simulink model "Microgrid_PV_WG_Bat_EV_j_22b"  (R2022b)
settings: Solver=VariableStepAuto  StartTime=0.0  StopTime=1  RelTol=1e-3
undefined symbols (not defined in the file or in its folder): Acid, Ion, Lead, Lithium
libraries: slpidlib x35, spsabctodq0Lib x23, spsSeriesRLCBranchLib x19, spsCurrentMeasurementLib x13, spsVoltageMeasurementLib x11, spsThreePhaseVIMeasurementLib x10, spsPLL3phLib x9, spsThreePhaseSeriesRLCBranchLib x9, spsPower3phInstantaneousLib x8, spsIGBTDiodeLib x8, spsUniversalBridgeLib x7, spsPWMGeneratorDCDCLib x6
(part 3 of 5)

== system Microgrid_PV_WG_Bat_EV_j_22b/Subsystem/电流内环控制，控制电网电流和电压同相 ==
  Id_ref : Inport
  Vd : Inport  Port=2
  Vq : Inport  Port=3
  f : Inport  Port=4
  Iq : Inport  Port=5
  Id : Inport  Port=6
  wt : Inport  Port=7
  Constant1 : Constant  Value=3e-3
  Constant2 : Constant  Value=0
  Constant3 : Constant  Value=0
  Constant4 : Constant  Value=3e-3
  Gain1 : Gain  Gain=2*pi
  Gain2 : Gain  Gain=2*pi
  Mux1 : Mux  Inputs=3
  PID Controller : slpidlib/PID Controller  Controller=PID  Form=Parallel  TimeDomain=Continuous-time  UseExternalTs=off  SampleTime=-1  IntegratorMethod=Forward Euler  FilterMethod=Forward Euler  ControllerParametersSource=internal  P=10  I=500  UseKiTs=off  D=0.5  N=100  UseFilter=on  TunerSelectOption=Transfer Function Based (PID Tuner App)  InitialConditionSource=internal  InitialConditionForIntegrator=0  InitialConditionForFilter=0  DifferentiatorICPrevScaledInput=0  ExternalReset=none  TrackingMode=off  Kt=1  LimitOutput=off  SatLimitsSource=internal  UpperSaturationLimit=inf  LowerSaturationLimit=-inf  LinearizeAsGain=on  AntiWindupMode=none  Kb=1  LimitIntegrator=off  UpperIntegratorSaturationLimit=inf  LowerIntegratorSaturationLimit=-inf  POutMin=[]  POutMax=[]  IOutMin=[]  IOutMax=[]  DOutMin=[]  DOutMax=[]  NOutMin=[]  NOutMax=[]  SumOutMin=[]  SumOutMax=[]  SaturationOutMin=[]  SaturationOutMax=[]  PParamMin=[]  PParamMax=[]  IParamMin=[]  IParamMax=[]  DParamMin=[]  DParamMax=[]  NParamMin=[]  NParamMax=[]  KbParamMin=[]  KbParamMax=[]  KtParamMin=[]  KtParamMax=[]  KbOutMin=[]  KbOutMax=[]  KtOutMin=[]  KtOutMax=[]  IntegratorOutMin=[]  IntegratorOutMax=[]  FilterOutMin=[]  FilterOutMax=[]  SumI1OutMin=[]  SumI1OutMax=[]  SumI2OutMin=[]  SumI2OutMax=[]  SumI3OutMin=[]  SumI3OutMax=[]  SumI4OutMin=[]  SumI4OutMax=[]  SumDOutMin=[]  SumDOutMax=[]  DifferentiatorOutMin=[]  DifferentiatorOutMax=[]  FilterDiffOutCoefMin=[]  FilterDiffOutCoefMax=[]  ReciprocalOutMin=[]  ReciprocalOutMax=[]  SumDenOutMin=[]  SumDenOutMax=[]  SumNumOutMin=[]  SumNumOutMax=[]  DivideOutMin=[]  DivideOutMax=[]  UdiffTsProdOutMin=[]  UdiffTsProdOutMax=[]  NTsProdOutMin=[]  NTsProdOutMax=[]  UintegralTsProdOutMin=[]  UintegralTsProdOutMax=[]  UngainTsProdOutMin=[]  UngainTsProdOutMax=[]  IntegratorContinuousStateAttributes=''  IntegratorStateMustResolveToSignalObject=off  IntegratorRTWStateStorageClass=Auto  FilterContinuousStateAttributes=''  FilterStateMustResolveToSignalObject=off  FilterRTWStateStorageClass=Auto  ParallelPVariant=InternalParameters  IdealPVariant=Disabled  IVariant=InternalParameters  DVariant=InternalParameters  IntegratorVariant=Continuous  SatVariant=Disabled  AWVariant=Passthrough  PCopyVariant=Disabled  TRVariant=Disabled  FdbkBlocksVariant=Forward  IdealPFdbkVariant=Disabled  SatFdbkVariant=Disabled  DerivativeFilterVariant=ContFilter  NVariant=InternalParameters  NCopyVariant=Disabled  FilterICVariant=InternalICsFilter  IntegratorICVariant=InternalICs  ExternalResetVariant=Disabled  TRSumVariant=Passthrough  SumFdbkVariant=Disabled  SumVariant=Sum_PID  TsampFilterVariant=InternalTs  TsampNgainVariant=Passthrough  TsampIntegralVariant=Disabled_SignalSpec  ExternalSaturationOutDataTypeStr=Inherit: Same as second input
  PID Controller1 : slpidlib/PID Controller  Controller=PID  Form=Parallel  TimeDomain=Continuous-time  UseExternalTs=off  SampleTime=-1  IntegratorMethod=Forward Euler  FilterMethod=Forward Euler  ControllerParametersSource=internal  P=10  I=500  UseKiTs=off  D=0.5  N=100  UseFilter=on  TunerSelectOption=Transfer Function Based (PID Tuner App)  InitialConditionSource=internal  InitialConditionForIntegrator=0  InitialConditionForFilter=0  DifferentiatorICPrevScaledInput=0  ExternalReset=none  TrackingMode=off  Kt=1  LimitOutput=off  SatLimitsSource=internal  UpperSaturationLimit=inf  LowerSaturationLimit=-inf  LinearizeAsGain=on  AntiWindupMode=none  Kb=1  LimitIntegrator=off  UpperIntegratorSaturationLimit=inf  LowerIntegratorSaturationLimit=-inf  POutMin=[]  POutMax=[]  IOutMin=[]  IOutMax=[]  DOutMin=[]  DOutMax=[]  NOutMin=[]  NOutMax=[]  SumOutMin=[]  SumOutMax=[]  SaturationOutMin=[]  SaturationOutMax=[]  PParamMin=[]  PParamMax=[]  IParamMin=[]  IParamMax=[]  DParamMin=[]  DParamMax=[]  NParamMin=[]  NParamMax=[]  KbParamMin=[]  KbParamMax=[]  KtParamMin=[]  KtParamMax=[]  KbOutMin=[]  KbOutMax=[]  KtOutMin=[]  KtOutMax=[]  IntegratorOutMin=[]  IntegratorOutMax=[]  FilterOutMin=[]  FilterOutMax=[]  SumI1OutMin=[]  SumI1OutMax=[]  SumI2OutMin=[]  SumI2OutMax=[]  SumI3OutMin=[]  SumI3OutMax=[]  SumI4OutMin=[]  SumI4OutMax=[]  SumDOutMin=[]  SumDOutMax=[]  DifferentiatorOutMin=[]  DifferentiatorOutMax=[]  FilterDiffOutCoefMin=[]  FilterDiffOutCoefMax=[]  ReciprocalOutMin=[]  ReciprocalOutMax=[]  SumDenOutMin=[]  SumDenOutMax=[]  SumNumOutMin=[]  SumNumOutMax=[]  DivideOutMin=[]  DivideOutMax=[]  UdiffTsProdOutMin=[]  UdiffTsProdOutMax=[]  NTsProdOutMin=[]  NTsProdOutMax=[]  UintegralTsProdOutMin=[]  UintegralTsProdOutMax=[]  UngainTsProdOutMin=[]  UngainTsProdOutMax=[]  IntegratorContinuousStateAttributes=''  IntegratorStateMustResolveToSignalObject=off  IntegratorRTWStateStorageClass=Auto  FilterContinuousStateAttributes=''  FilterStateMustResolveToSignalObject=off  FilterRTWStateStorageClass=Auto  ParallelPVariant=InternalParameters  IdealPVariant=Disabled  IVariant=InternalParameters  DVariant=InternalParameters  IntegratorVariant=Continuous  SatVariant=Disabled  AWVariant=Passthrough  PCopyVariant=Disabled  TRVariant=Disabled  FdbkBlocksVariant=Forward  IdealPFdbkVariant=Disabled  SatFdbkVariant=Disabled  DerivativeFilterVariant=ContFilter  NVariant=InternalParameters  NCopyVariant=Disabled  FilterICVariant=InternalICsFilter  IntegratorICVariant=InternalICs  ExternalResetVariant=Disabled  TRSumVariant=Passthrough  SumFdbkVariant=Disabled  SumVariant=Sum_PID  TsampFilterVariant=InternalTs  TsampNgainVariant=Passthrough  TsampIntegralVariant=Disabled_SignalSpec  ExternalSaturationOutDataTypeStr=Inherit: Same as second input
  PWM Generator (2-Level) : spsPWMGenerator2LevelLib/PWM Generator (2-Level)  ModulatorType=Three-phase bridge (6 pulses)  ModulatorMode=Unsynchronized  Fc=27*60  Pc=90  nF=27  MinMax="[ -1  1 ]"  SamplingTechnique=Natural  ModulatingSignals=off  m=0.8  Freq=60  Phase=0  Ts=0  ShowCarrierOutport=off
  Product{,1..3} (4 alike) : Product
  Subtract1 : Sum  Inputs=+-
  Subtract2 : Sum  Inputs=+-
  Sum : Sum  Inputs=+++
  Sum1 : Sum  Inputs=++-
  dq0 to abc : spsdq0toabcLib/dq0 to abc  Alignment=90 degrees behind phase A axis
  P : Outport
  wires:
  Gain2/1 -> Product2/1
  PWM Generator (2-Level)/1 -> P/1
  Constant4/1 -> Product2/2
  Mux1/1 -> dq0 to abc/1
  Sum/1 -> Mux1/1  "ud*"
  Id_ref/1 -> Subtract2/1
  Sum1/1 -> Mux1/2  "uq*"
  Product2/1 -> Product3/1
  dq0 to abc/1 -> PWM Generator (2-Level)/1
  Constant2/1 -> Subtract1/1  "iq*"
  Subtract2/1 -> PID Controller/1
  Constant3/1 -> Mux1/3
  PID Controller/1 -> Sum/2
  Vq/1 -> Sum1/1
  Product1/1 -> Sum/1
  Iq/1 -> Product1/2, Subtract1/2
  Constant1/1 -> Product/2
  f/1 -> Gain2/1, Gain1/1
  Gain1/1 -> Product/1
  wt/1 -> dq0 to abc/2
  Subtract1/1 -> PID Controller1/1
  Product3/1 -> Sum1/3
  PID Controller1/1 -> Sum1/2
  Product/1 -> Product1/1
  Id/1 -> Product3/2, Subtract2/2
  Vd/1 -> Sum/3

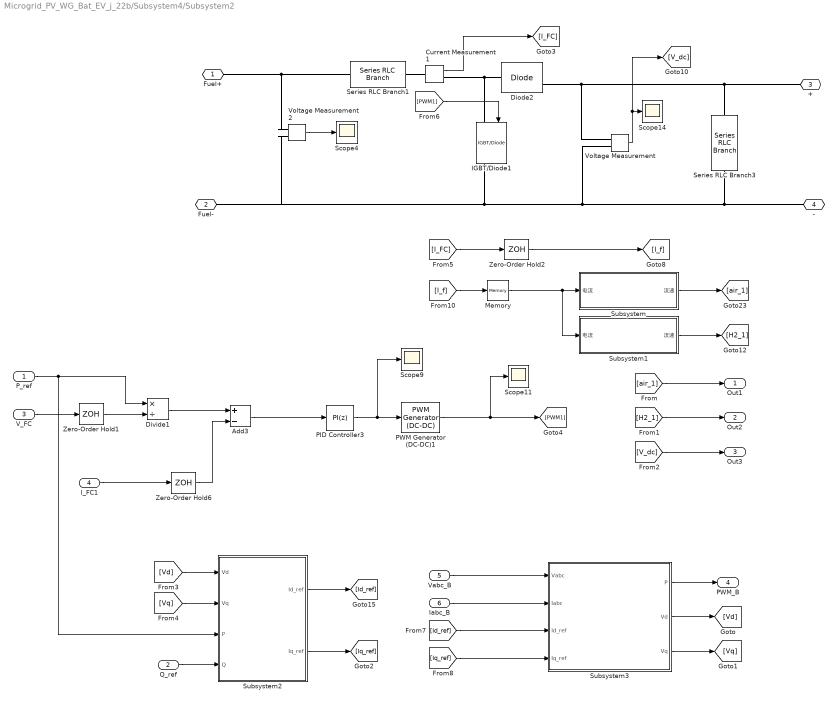
== system Microgrid_PV_WG_Bat_EV_j_22b/Subsystem4/Subsystem2 ==
  P_ref : Inport
  Q_ref : Inport  Port=2
  V_FC : Inport  Port=3
  I_FC1 : Inport  Port=4
  Vabc_B : Inport  Port=5
  Iabc_B : Inport  Port=6
  Add3 : Sum  Inputs=+-
  Current Measurement1 : spsCurrentMeasurementLib/Current Measurement  PhasorSimulation=off  OutputType=Complex  PSBequivalent=0
  Diode2 : spsDiodeLib/Diode  Ron=0.001  Lon=0  Vf=0.8  IC=0  UseSnubber=0  Rs=500  Cs=250e-9  Measurements=on
  Divide1 : Product  Inputs=*/
  IGBT/Diode1 : spsIGBTDiodeLib/IGBT//Diode  Ron=1e-3  Rs=1e5  Cs=inf  Measurements=on
  Memory : Memory  InitialCondition=1
  PID Controller3 : slpidlib/PID Controller  Controller=PI  Form=Parallel  TimeDomain=Discrete-time  UseExternalTs=off  SampleTime=-1  IntegratorMethod=Forward Euler  FilterMethod=Forward Euler  ControllerParametersSource=internal  P=1  I=1  UseKiTs=off  D=0  N=100  UseFilter=on  TunerSelectOption=Transfer Function Based (PID Tuner App)  InitialConditionSource=internal  InitialConditionForIntegrator=0  InitialConditionForFilter=0  DifferentiatorICPrevScaledInput=0  ExternalReset=none  TrackingMode=off  Kt=1  LimitOutput=off  SatLimitsSource=internal  UpperSaturationLimit=inf  LowerSaturationLimit=-inf  LinearizeAsGain=on  AntiWindupMode=none  Kb=1  LimitIntegrator=off  UpperIntegratorSaturationLimit=inf  LowerIntegratorSaturationLimit=-inf  POutMin=[]  POutMax=[]  IOutMin=[]  IOutMax=[]  DOutMin=[]  DOutMax=[]  NOutMin=[]  NOutMax=[]  SumOutMin=[]  SumOutMax=[]  SaturationOutMin=[]  SaturationOutMax=[]  PParamMin=[]  PParamMax=[]  IParamMin=[]  IParamMax=[]  DParamMin=[]  DParamMax=[]  NParamMin=[]  NParamMax=[]  KbParamMin=[]  KbParamMax=[]  KtParamMin=[]  KtParamMax=[]  KbOutMin=[]  KbOutMax=[]  KtOutMin=[]  KtOutMax=[]  IntegratorOutMin=[]  IntegratorOutMax=[]  FilterOutMin=[]  FilterOutMax=[]  SumI1OutMin=[]  SumI1OutMax=[]  SumI2OutMin=[]  SumI2OutMax=[]  SumI3OutMin=[]  SumI3OutMax=[]  SumI4OutMin=[]  SumI4OutMax=[]  SumDOutMin=[]  SumDOutMax=[]  DifferentiatorOutMin=[]  DifferentiatorOutMax=[]  FilterDiffOutCoefMin=[]  FilterDiffOutCoefMax=[]  ReciprocalOutMin=[]  ReciprocalOutMax=[]  SumDenOutMin=[]  SumDenOutMax=[]  SumNumOutMin=[]  SumNumOutMax=[]  DivideOutMin=[]  DivideOutMax=[]  UdiffTsProdOutMin=[]  UdiffTsProdOutMax=[]  NTsProdOutMin=[]  NTsProdOutMax=[]  UintegralTsProdOutMin=[]  UintegralTsProdOutMax=[]  UngainTsProdOutMin=[]  UngainTsProdOutMax=[]  IntegratorContinuousStateAttributes=''  IntegratorStateMustResolveToSignalObject=off  IntegratorRTWStateStorageClass=Auto  FilterContinuousStateAttributes=''  FilterStateMustResolveToSignalObject=off  FilterRTWStateStorageClass=Auto  ParallelPVariant=InternalParameters  IdealPVariant=Disabled  IVariant=InternalParameters  DVariant=Disabled  IntegratorVariant=Discrete  SatVariant=Disabled  AWVariant=Passthrough  PCopyVariant=Disabled  TRVariant=Disabled  FdbkBlocksVariant=Forward  IdealPFdbkVariant=Disabled  SatFdbkVariant=Disabled  DerivativeFilterVariant=Disabled  NVariant=Disabled  NCopyVariant=Disabled_SignalSpec  FilterICVariant=Disabled  IntegratorICVariant=InternalICs  ExternalResetVariant=Disabled  TRSumVariant=Passthrough  SumFdbkVariant=Disabled  SumVariant=Sum_PI  TsampFilterVariant=InternalTs  TsampNgainVariant=Passthrough  TsampIntegralVariant=Disabled_SignalSpec  ExternalSaturationOutDataTypeStr=Inherit: Same as second input
  PWM Generator (DC-DC)1 : spsPWMGeneratorDCDCLib/PWM Generator (DC-DC)  Fsw=1e4  Ts=0
  Scope{4,9,11,14} (4 alike) : Scope
  Series RLC Branch1 : spsSeriesRLCBranchLib/Series RLC Branch  LConnTagsString=__new0  RConnTagsString=__new0  BranchType=L  Resistance=1  Inductance=1e-2  SetiL0=off  InitialCurrent=0  Capacitance=1e-6  Setx0=off  InitialVoltage=0  Measurements=None
  Series RLC Branch3 : spsSeriesRLCBranchLib/Series RLC Branch  LConnTagsString=__new0  RConnTagsString=__new0  BranchType=C  Resistance=1  Inductance=1e-3  SetiL0=off  InitialCurrent=0  Capacitance=5e-2  Setx0=on  InitialVoltage=1000  Measurements=None
  Subsystem : Subsystem  mask{T=65, N=65, P=1.5, Uf_H2=99.56, x=99.95}
      mask prompts: T "温度"; N "数量"; P "氢气压强"; Uf_H2 "氢气利用率"; x "氢气百分比"
      mask DialogControl ParameterGroupVar Prompt: 参数
  Subsystem1 : Subsystem  mask{T=65, N=65, P=1, Uf_H2=59.3, x=21}
      mask prompts: T "温度"; N "数量"; P "氧气压强"; Uf_H2 "氧气利用率"; x "氧气百分比"
      mask DialogControl ParameterGroupVar Prompt: 参数
  Subsystem2 : Subsystem
  Subsystem3 : Subsystem
  Voltage Measurement : spsVoltageMeasurementLib/Voltage Measurement  PhasorSimulation=off  OutputType=Complex  PSBequivalent=0
  Voltage Measurement2 : spsVoltageMeasurementLib/Voltage Measurement  PhasorSimulation=off  OutputType=Complex  PSBequivalent=0
  Zero-Order Hold1 : ZeroOrderHold  SampleTime=1e-5
  Zero-Order Hold2 : ZeroOrderHold  SampleTime=1e-5
  Zero-Order Hold6 : ZeroOrderHold  SampleTime=1e-5
  Fuel+ : PMIOPort  Side=Left
  Fuel- : PMIOPort  Port=2  Side=Left
  + : PMIOPort  Port=3  Side=Right
  - : PMIOPort  Port=4  Side=Right
  Out1 : Outport
  Out2 : Outport  Port=2
  Out3 : Outport  Port=3
  PWM_B : Outport  Port=4
  wires:
  [PWM1] -> IGBT/Diode1/1
  Current Measurement1/1 -> [I_FC]
  Voltage Measurement/1 -> [V_dc], Scope14/1
  Voltage Measurement2/1 -> Scope4/1
  [I_FC] -> Zero-Order Hold2/1
  Zero-Order Hold2/1 -> [I_f]
  Subsystem/1(流速) -> [air_1]
  Subsystem1/1(流速) -> [H2_1]
  Memory/1 -> Subsystem1/1(电流), Subsystem/1(电流)
  [I_f] -> Memory/1
  [air_1] -> Out1/1
  [H2_1] -> Out2/1
  [V_dc] -> Out3/1
  Zero-Order Hold6/1 -> Add3/2
  Zero-Order Hold1/1 -> Divide1/2
  Divide1/1 -> Add3/1
  PWM Generator (DC-DC)1/1 -> Scope11/1, [PWM1]
  P_ref/1 -> Subsystem2/3(P), Divide1/1
  I_FC1/1 -> Zero-Order Hold6/1
  V_FC/1 -> Zero-Order Hold1/1
  Add3/1 -> PID Controller3/1
  PID Controller3/1 -> Scope9/1, PWM Generator (DC-DC)1/1
  Vabc_B/1 -> Subsystem3/1(Vabc)
  Iabc_B/1 -> Subsystem3/2(Iabc)
  Subsystem3/1(P) -> PWM_B/1
  Subsystem3/2(Vd) -> [Vd]
  Subsystem3/3(Vq) -> [Vq]
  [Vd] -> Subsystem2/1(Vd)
--- --- ---
> INSTRUCTIONS FOR THE TASK: From the data above, retype only the lines starting with the line with "Subtract1/1 -> PID Controller1/1" and going on through the line with "Vabc_B : Inport", exactly, leaving out the pictures.

> SOLVED EXERCISE:
  Subtract1/1 -> PID Controller1/1
  Product3/1 -> Sum1/3
  PID Controller1/1 -> Sum1/2
  Product/1 -> Product1/1
  Id/1 -> Product3/2, Subtract2/2
  Vd/1 -> Sum/3

== system Microgrid_PV_WG_Bat_EV_j_22b/Subsystem4/Subsystem2 ==
  P_ref : Inport
  Q_ref : Inport  Port=2
  V_FC : Inport  Port=3
  I_FC1 : Inport  Port=4
  Vabc_B : Inport  Port=5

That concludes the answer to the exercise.